SOC coverage
Expanding coverage and using your data effectively is critically important to any SOC’s ability to carry out its responsibilities. With a lack of coverage or visibility, the SOC will have nothing to monitor or detect, and your organization will have a significantly higher risk level because of it. That’s why it is an important factor within a SOC to determine the current level of coverage, where the gaps are, how to prioritize the gaps, and how to fill those gaps by increasing coverage.
The first stage is to determine what level of coverage you currently have. Regardless of whether your organization is a newer SOC or a more established one, I make it a point to baseline coverage before making any other roadmap decisions. To do so, I take note of all data sources that are being ingested into whatever security information event management (SIEM) is in use, such as Splunk or ELK, and I write down and organize all alerts by function. In addition to this, I review or create a risk registry that categorizes the highest risks that face the organization and, if time permits, conduct a purple team exercise. As explained in the SOC environment responsibilities section for a red team engineer role, and will be further explained in future chapters, a purple team exercise is a joint project where offensive operations are carried out to test the visibility and efficiency of alerts in place. This can also be useful in proving the negative, which means proving that attacks can be conducted without any visibility, which helps push the importance of increasing coverage.

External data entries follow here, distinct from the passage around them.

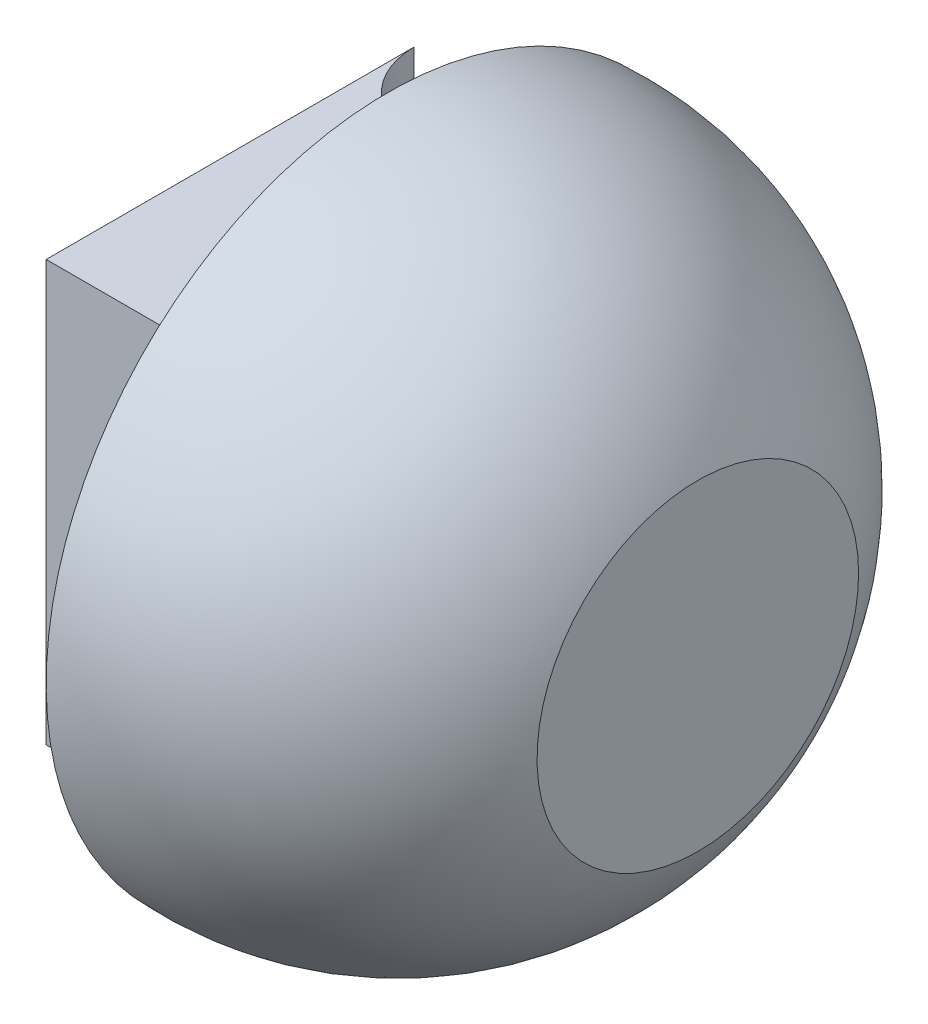
ISO-10303-21;
HEADER;
FILE_DESCRIPTION(('STEP AP214'),'2;1');
FILE_NAME('part.step','',(''),(''),'','','');
FILE_SCHEMA(('AUTOMOTIVE_DESIGN { 1 0 10303 214 1 1 1 1 }'));
ENDSEC;
DATA;
#1=APPLICATION_CONTEXT('core data for automotive mechanical design processes');
#2=APPLICATION_PROTOCOL_DEFINITION('international standard','automotive_design',2000,#1);
#3=PRODUCT_CONTEXT('',#1,'mechanical');
#4=PRODUCT('Part','Part','',(#3));
#5=PRODUCT_RELATED_PRODUCT_CATEGORY('part','',(#4));
#6=PRODUCT_DEFINITION_FORMATION('','',#4);
#7=PRODUCT_DEFINITION_CONTEXT('part definition',#1,'design');
#8=PRODUCT_DEFINITION('design','',#6,#7);
#9=PRODUCT_DEFINITION_SHAPE('','',#8);
#10=(LENGTH_UNIT() NAMED_UNIT(*) SI_UNIT(.MILLI.,.METRE.));
#11=(NAMED_UNIT(*) PLANE_ANGLE_UNIT() SI_UNIT($,.RADIAN.));
#12=(NAMED_UNIT(*) SI_UNIT($,.STERADIAN.) SOLID_ANGLE_UNIT());
#13=UNCERTAINTY_MEASURE_WITH_UNIT(LENGTH_MEASURE(1.E-05),#10,'distance_accuracy_value','');
#14=(GEOMETRIC_REPRESENTATION_CONTEXT(3) GLOBAL_UNCERTAINTY_ASSIGNED_CONTEXT((#13)) GLOBAL_UNIT_ASSIGNED_CONTEXT((#10,
#11,#12)) REPRESENTATION_CONTEXT('',''));
#15=CARTESIAN_POINT('',(0.,0.,0.));
#16=DIRECTION('',(0.,0.,1.));
#17=DIRECTION('',(1.,0.,0.));
#18=AXIS2_PLACEMENT_3D('',#15,#16,#17);
#19=CARTESIAN_POINT('',(45.7360469893337,0.,-19.84375));
#20=DIRECTION('',(-1.,0.,0.));
#21=DIRECTION('',(0.,-1.,0.));
#22=AXIS2_PLACEMENT_3D('',#19,#20,#21);
#23=DEGENERATE_TOROIDAL_SURFACE('',#22,0.401151653850622,9.92980932753755,.T.);
#24=CARTESIAN_POINT('',(45.24375,0.,-19.84375));
#25=DIRECTION('',(-1.,0.,0.));
#26=DIRECTION('',(0.,-1.,0.));
#27=AXIS2_PLACEMENT_3D('',#24,#25,#26);
#28=CIRCLE('',#27,10.31875);
#29=CARTESIAN_POINT('',(45.24375,-10.31875,-19.84375));
#30=VERTEX_POINT('',#29);
#31=EDGE_CURVE('E105',#30,#30,#28,.T.);
#32=ORIENTED_EDGE('',*,*,#31,.F.);
#33=EDGE_LOOP('',(#32));
#34=FACE_BOUND('',#33,.T.);
#35=CARTESIAN_POINT('',(54.61,0.,-19.84375));
#36=DIRECTION('',(1.,0.,0.));
#37=DIRECTION('',(0.,0.,-1.));
#38=AXIS2_PLACEMENT_3D('',#35,#36,#37);
#39=CIRCLE('',#38,4.8569424081094);
#40=CARTESIAN_POINT('',(54.61,0.,-24.7006924081094));
#41=VERTEX_POINT('',#40);
#42=EDGE_CURVE('E20',#41,#41,#39,.T.);
#43=ORIENTED_EDGE('',*,*,#42,.F.);
#44=EDGE_LOOP('',(#43));
#45=FACE_BOUND('',#44,.T.);
#46=ADVANCED_FACE('F16',(#34,#45),#23,.T.);
#47=CARTESIAN_POINT('',(42.8625,-6.35,-25.4));
#48=DIRECTION('',(0.,1.,0.));
#49=DIRECTION('',(-1.,0.,0.));
#50=AXIS2_PLACEMENT_3D('',#47,#48,#49);
#51=CYLINDRICAL_SURFACE('',#50,2.38125);
#52=CARTESIAN_POINT('',(42.8625,6.35,-25.4));
#53=DIRECTION('',(0.,1.,0.));
#54=DIRECTION('',(-1.,0.,0.));
#55=AXIS2_PLACEMENT_3D('',#52,#53,#54);
#56=CIRCLE('',#55,2.38125);
#57=CARTESIAN_POINT('',(40.48125,6.35,-25.4));
#58=VERTEX_POINT('',#57);
#59=CARTESIAN_POINT('',(45.24375,6.35,-25.4));
#60=VERTEX_POINT('',#59);
#61=EDGE_CURVE('E102',#58,#60,#56,.T.);
#62=ORIENTED_EDGE('',*,*,#61,.T.);
#63=DIRECTION('',(0.,1.,0.));
#64=VECTOR('',#63,1.);
#65=CARTESIAN_POINT('',(45.24375,-6.35,-25.4));
#66=LINE('',#65,#64);
#67=CARTESIAN_POINT('',(45.24375,-6.35,-25.4));
#68=VERTEX_POINT('',#67);
#69=EDGE_CURVE('E10',#68,#60,#66,.T.);
#70=ORIENTED_EDGE('',*,*,#69,.F.);
#71=CARTESIAN_POINT('',(42.8625,-6.35,-25.4));
#72=DIRECTION('',(0.,1.,0.));
#73=DIRECTION('',(-1.,0.,0.));
#74=AXIS2_PLACEMENT_3D('',#71,#72,#73);
#75=CIRCLE('',#74,2.38125);
#76=CARTESIAN_POINT('',(40.48125,-6.35,-25.4));
#77=VERTEX_POINT('',#76);
#78=EDGE_CURVE('E76',#77,#68,#75,.T.);
#79=ORIENTED_EDGE('',*,*,#78,.F.);
#80=DIRECTION('',(0.,1.,0.));
#81=VECTOR('',#80,1.);
#82=CARTESIAN_POINT('',(40.48125,-6.35,-25.4));
#83=LINE('',#82,#81);
#84=EDGE_CURVE('E111',#77,#58,#83,.T.);
#85=ORIENTED_EDGE('',*,*,#84,.T.);
#86=EDGE_LOOP('',(#62,#70,#79,#85));
#87=FACE_BOUND('',#86,.T.);
#88=ADVANCED_FACE('F18',(#87),#51,.F.);
#89=CARTESIAN_POINT('',(40.48125,-6.35,-14.2875));
#90=DIRECTION('',(0.,0.,-1.));
#91=DIRECTION('',(1.,0.,0.));
#92=AXIS2_PLACEMENT_3D('',#89,#90,#91);
#93=PLANE('',#92);
#94=DIRECTION('',(-1.,0.,0.));
#95=VECTOR('',#94,1.);
#96=CARTESIAN_POINT('',(40.48125,6.35,-14.2875));
#97=LINE('',#96,#95);
#98=CARTESIAN_POINT('',(45.24375,6.35,-14.2875));
#99=VERTEX_POINT('',#98);
#100=CARTESIAN_POINT('',(40.48125,6.35,-14.2875));
#101=VERTEX_POINT('',#100);
#102=EDGE_CURVE('E59',#99,#101,#97,.T.);
#103=ORIENTED_EDGE('',*,*,#102,.T.);
#104=DIRECTION('',(0.,1.,0.));
#105=VECTOR('',#104,1.);
#106=CARTESIAN_POINT('',(40.48125,-6.35,-14.2875));
#107=LINE('',#106,#105);
#108=CARTESIAN_POINT('',(40.48125,-6.35,-14.2875));
#109=VERTEX_POINT('',#108);
#110=EDGE_CURVE('E98',#109,#101,#107,.T.);
#111=ORIENTED_EDGE('',*,*,#110,.F.);
#112=DIRECTION('',(-1.,0.,0.));
#113=VECTOR('',#112,1.);
#114=CARTESIAN_POINT('',(40.48125,-6.35,-14.2875));
#115=LINE('',#114,#113);
#116=CARTESIAN_POINT('',(45.24375,-6.35,-14.2875));
#117=VERTEX_POINT('',#116);
#118=EDGE_CURVE('E94',#117,#109,#115,.T.);
#119=ORIENTED_EDGE('',*,*,#118,.F.);
#120=DIRECTION('',(0.,1.,0.));
#121=VECTOR('',#120,1.);
#122=CARTESIAN_POINT('',(45.24375,-6.35,-14.2875));
#123=LINE('',#122,#121);
#124=EDGE_CURVE('E27',#117,#99,#123,.T.);
#125=ORIENTED_EDGE('',*,*,#124,.T.);
#126=EDGE_LOOP('',(#103,#111,#119,#125));
#127=FACE_BOUND('',#126,.T.);
#128=ADVANCED_FACE('F93',(#127),#93,.F.);
#129=CARTESIAN_POINT('',(40.48125,-6.35,-25.4));
#130=DIRECTION('',(1.,0.,0.));
#131=DIRECTION('',(0.,1.,0.));
#132=AXIS2_PLACEMENT_3D('',#129,#130,#131);
#133=PLANE('',#132);
#134=DIRECTION('',(0.,0.,-1.));
#135=VECTOR('',#134,1.);
#136=CARTESIAN_POINT('',(40.48125,6.35,-25.4));
#137=LINE('',#136,#135);
#138=EDGE_CURVE('E67',#101,#58,#137,.T.);
#139=ORIENTED_EDGE('',*,*,#138,.T.);
#140=ORIENTED_EDGE('',*,*,#84,.F.);
#141=DIRECTION('',(0.,0.,-1.));
#142=VECTOR('',#141,1.);
#143=CARTESIAN_POINT('',(40.48125,-6.35,-25.4));
#144=LINE('',#143,#142);
#145=EDGE_CURVE('E40',#109,#77,#144,.T.);
#146=ORIENTED_EDGE('',*,*,#145,.F.);
#147=ORIENTED_EDGE('',*,*,#110,.T.);
#148=EDGE_LOOP('',(#139,#140,#146,#147));
#149=FACE_BOUND('',#148,.T.);
#150=ADVANCED_FACE('F116',(#149),#133,.F.);
#151=CARTESIAN_POINT('',(42.8625,-6.35,-25.4));
#152=DIRECTION('',(0.,1.,0.));
#153=DIRECTION('',(-1.,0.,0.));
#154=AXIS2_PLACEMENT_3D('',#151,#152,#153);
#155=PLANE('',#154);
#156=ORIENTED_EDGE('',*,*,#78,.T.);
#157=DIRECTION('',(0.,0.,1.));
#158=VECTOR('',#157,1.);
#159=CARTESIAN_POINT('',(45.24375,-6.35,-14.2875));
#160=LINE('',#159,#158);
#161=EDGE_CURVE('E119',#68,#117,#160,.T.);
#162=ORIENTED_EDGE('',*,*,#161,.T.);
#163=ORIENTED_EDGE('',*,*,#118,.T.);
#164=ORIENTED_EDGE('',*,*,#145,.T.);
#165=EDGE_LOOP('',(#156,#162,#163,#164));
#166=FACE_BOUND('',#165,.T.);
#167=ADVANCED_FACE('F150',(#166),#155,.F.);
#168=CARTESIAN_POINT('',(42.8625,6.35,-25.4));
#169=DIRECTION('',(0.,1.,0.));
#170=DIRECTION('',(-1.,0.,0.));
#171=AXIS2_PLACEMENT_3D('',#168,#169,#170);
#172=PLANE('',#171);
#173=ORIENTED_EDGE('',*,*,#61,.F.);
#174=ORIENTED_EDGE('',*,*,#138,.F.);
#175=ORIENTED_EDGE('',*,*,#102,.F.);
#176=DIRECTION('',(0.,0.,1.));
#177=VECTOR('',#176,1.);
#178=CARTESIAN_POINT('',(45.24375,6.35,-14.2875));
#179=LINE('',#178,#177);
#180=EDGE_CURVE('E87',#60,#99,#179,.T.);
#181=ORIENTED_EDGE('',*,*,#180,.F.);
#182=EDGE_LOOP('',(#173,#174,#175,#181));
#183=FACE_BOUND('',#182,.T.);
#184=ADVANCED_FACE('F85',(#183),#172,.T.);
#185=CARTESIAN_POINT('',(45.24375,0.,-9.525));
#186=DIRECTION('',(1.,0.,0.));
#187=DIRECTION('',(0.,1.,0.));
#188=AXIS2_PLACEMENT_3D('',#185,#186,#187);
#189=PLANE('',#188);
#190=ORIENTED_EDGE('',*,*,#31,.T.);
#191=EDGE_LOOP('',(#190));
#192=FACE_BOUND('',#191,.T.);
#193=ORIENTED_EDGE('',*,*,#124,.F.);
#194=ORIENTED_EDGE('',*,*,#161,.F.);
#195=ORIENTED_EDGE('',*,*,#69,.T.);
#196=ORIENTED_EDGE('',*,*,#180,.T.);
#197=EDGE_LOOP('',(#193,#194,#195,#196));
#198=FACE_BOUND('',#197,.T.);
#199=ADVANCED_FACE('F100',(#192,#198),#189,.F.);
#200=CARTESIAN_POINT('',(54.61,0.,-19.8348145931959));
#201=DIRECTION('',(1.,0.,0.));
#202=DIRECTION('',(0.,1.,0.));
#203=AXIS2_PLACEMENT_3D('',#200,#201,#202);
#204=PLANE('',#203);
#205=ORIENTED_EDGE('',*,*,#42,.T.);
#206=EDGE_LOOP('',(#205));
#207=FACE_BOUND('',#206,.T.);
#208=ADVANCED_FACE('F137',(#207),#204,.T.);
#209=CLOSED_SHELL('',(#46,#88,#128,#150,#167,#184,#199,#208));
#210=MANIFOLD_SOLID_BREP('B1',#209);
#211=ADVANCED_BREP_SHAPE_REPRESENTATION('',(#18,#210),#14);
#212=SHAPE_DEFINITION_REPRESENTATION(#9,#211);
ENDSEC;
END-ISO-10303-21;

After you have determined where the gaps are, you need to prioritize them and create a plan on how to fix them. One of the strategies for prioritizing is to list out the types of logs and visibility each missing source would give. For example, if you are not capturing logs from your organization’s Virtual Private Network (VPN), and it’s a remote work environment, then you have limited visibility into User browsing logs. You would then write out the risks or potential attacks that could be discovered with those logs and write down any mitigations. For example, while you might not capture user browsing logs but capture endpoint detection and response logs, you’ll still have some visibility into the applications used, and downloads, so that might lower the risk of not capturing those initial logs. Another strategy is after writing down the missing sources and suspected size of the logs, to prioritize them based on an effort to ingest them. For example, if you can download an app on your SIEM, utilize an API key and creds, and everything is managed in-house, then as long as the size of the logs isn’t the problem, you should be able to easily configure the new ingest. I typically recommend picking a mix of harder-to-implement logs to start the process for ingest while also implementing a few that are considered a quick win. Another way to prioritize coverage gaps is based on what you are prepared to write detections for or base it on team expertise. That way, you know whatever source of data that gets added will immediately be used to increase coverage because, in theory, you don’t want to waste licensing space, time, or money if you can’t take advantage of the additional coverage.
Filling any coverage gaps after prioritization can be done by expanding your ingest license for your current SIEM tool or using a data lake to capture additional logs without ingest in your SIEM tool. Therefore, you’ll still be able to run analytics and only ingest absolutely necessary data within your SIEM tool. Expanding your resources and current license seems like the simplest path, but a common issue with that path is that it can be cost-prohibitive. That’s where other solutions such as log tiering or using a data lake come into play. By implementing a different technical solution, such as a data lake through providers such as Snowflake, you are able to have logs transferred and collected in a centralized location, and then run analytics over those logs, and only ingest detections on a subset of the logs. That way, you have the coverage, but your ingest costs are lower. One of the downsides to this approach is that you need to implement a new technical implementation, connectors, and so on, and that, of course, has its own costs associated with it. Of course, any approach that is taken to fill a coverage gap is reliant on proper cross-team collaboration.
Coverage is always an ongoing battle as your company grows and gains capabilities. It’s important to regularly evaluate your coverage for improvements and to document any gaps, as this will help your SOC team mature. As mentioned, there are multiple ways to evaluate coverage and identify gaps, which will allow you to make an action plan for how to remediate those gaps.